Seven Days in June by American novelist Tia Williams was published in 2021. It was a Reese Witherspoon book club pick and a New York Times Bestseller. The novel follows two Black writers, Eva Mercy and Shane Hall, who reunite 15 years after a passionate and destructive week in June that connected them forever.

Please note that the text includes potentially triggering scenarios including assault, suicide, self-harm, and substance use.

Plot Summary

Eva Mercy is a successful erotica novelist who found herself thrust into the Black literati writing scene after winning a contest when her roommate submitted her manuscript Cursed—a vampire-witch love storywithout her knowledge. Now after finishing her 14th book in the Cursed series, Eva has a dedicated, ever-watchful audience who are active on Black book Twitter and Facebook. This gives Eva financial stability and allows her to send her daughter Audre to private school. Eva hopes the book’s upcoming film adaptation will bring her more financial success. She has sold the movie rights, but an A-list director wants to make the characters white for box office reasons. Eva is desperate for the movie to be made, but its Blackness is an essential part of the series.

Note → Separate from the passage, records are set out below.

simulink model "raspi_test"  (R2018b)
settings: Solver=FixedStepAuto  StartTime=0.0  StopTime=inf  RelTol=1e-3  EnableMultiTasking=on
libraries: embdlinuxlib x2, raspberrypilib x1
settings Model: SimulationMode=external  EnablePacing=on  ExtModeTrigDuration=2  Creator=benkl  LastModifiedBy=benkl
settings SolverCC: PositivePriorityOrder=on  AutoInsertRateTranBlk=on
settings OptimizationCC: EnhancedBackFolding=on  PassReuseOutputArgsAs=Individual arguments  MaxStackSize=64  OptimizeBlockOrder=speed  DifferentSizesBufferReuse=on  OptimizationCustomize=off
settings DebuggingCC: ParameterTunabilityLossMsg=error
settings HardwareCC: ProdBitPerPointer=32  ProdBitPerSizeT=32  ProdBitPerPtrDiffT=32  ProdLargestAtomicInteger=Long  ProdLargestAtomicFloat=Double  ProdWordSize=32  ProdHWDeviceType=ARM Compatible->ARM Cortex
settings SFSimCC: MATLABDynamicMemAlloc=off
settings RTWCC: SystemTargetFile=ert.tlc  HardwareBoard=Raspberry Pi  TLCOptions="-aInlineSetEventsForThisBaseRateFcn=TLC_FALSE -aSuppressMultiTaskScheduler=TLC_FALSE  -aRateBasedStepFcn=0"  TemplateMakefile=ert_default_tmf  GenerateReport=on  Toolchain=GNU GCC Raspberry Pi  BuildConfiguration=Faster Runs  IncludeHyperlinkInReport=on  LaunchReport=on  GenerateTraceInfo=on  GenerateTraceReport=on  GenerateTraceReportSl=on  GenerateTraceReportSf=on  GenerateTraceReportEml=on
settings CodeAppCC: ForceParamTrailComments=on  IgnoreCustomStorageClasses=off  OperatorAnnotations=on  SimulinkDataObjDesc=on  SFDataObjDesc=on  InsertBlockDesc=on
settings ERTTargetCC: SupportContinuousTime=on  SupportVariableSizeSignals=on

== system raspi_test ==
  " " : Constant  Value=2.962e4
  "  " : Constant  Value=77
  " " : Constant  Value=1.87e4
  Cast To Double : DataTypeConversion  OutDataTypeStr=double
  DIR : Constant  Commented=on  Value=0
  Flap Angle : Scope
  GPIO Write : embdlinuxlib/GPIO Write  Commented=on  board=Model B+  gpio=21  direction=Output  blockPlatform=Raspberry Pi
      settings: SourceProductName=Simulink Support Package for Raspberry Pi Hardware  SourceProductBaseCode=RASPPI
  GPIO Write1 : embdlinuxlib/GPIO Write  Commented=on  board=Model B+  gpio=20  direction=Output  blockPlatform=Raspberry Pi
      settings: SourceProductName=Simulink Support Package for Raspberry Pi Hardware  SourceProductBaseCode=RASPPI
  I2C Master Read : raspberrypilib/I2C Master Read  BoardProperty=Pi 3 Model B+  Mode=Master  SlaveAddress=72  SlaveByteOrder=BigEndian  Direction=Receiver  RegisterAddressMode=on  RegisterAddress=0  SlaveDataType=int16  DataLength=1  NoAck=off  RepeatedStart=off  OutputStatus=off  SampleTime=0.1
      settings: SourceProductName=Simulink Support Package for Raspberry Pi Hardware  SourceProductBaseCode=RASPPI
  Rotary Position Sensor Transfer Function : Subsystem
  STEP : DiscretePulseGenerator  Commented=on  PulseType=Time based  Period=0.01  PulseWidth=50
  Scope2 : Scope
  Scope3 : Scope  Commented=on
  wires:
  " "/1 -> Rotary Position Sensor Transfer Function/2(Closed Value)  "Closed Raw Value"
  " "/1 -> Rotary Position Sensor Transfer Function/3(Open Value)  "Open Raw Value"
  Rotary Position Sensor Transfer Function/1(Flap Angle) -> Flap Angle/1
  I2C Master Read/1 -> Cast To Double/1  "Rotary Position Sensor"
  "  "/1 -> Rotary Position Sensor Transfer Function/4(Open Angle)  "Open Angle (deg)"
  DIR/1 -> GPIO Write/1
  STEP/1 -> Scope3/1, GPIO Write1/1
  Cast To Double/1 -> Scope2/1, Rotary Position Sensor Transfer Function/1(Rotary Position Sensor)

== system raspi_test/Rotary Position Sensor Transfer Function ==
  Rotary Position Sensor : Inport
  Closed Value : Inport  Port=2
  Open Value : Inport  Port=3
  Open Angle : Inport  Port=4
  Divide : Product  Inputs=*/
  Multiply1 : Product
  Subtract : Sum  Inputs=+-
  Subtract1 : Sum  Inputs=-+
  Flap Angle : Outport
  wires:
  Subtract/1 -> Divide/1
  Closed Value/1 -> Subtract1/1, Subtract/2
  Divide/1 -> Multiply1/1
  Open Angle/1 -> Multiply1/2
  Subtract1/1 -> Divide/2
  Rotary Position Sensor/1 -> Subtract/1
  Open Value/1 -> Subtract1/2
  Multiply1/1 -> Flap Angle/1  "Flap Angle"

While participating in a Brooklyn literary panel titled “The State of the Black Author,” Eva has a surprise reunion with the elusive, award-winning author Shane Hall. Shane is best known for his four works of literary fiction set in the same nameless and low-income neighborhood. His most famous work is Eight, which earned him praise for well-drawn characters and plotless stories. Eva is shocked to see Shane; as seniors in high school, the two of them met and felt a strange, extraordinary connection, and they ended up sharing a week of passion and mutual vulnerability. During these seven days in June, they revealed their pain and coping mechanisms to each other: For Shane, it was drugs and alcohol; for Eva, it was self-harm. After Eva almost overdosed, their week ended. Eva left for hospital treatment, and Shane disappeared.

Fifteen years later, Shane is almost two years sober, and Eva has found a pain management plan for her debilitating migraines. The pair reunite and must face their shared past and current mutual attraction. They admit their stories were written about and for the other. Eva tries to leave the past behind, but she is eventually forced to ask Shane for a favor: Eva’s daughter, Audre, is on the verge of being expelled from school, and the headmaster tells Eva that she can save Audre’s place if she finds a new English teacher. Shane agrees to teach there. After he and Eva reconnect over this favor, their old intimacy strikes up again—and they can’t resist the magnetic pull of one another, even though both of them remain conflicted.

The novel opens on another seven days in June, and Eva and Shane must be there for each other again—to heal the pain from their traumatic and lonely childhoods. Shane finds it hard to write while sober, so instead of writing, he now helps at-risk youth. On deadline with her 15th Cursed book, Eva decides to face her family’s history, which has been mythologized and passed down through the generations. Eventually, with assistance from Cece (Eva’s editor) and Audre, Eva and Shane admit they belong together.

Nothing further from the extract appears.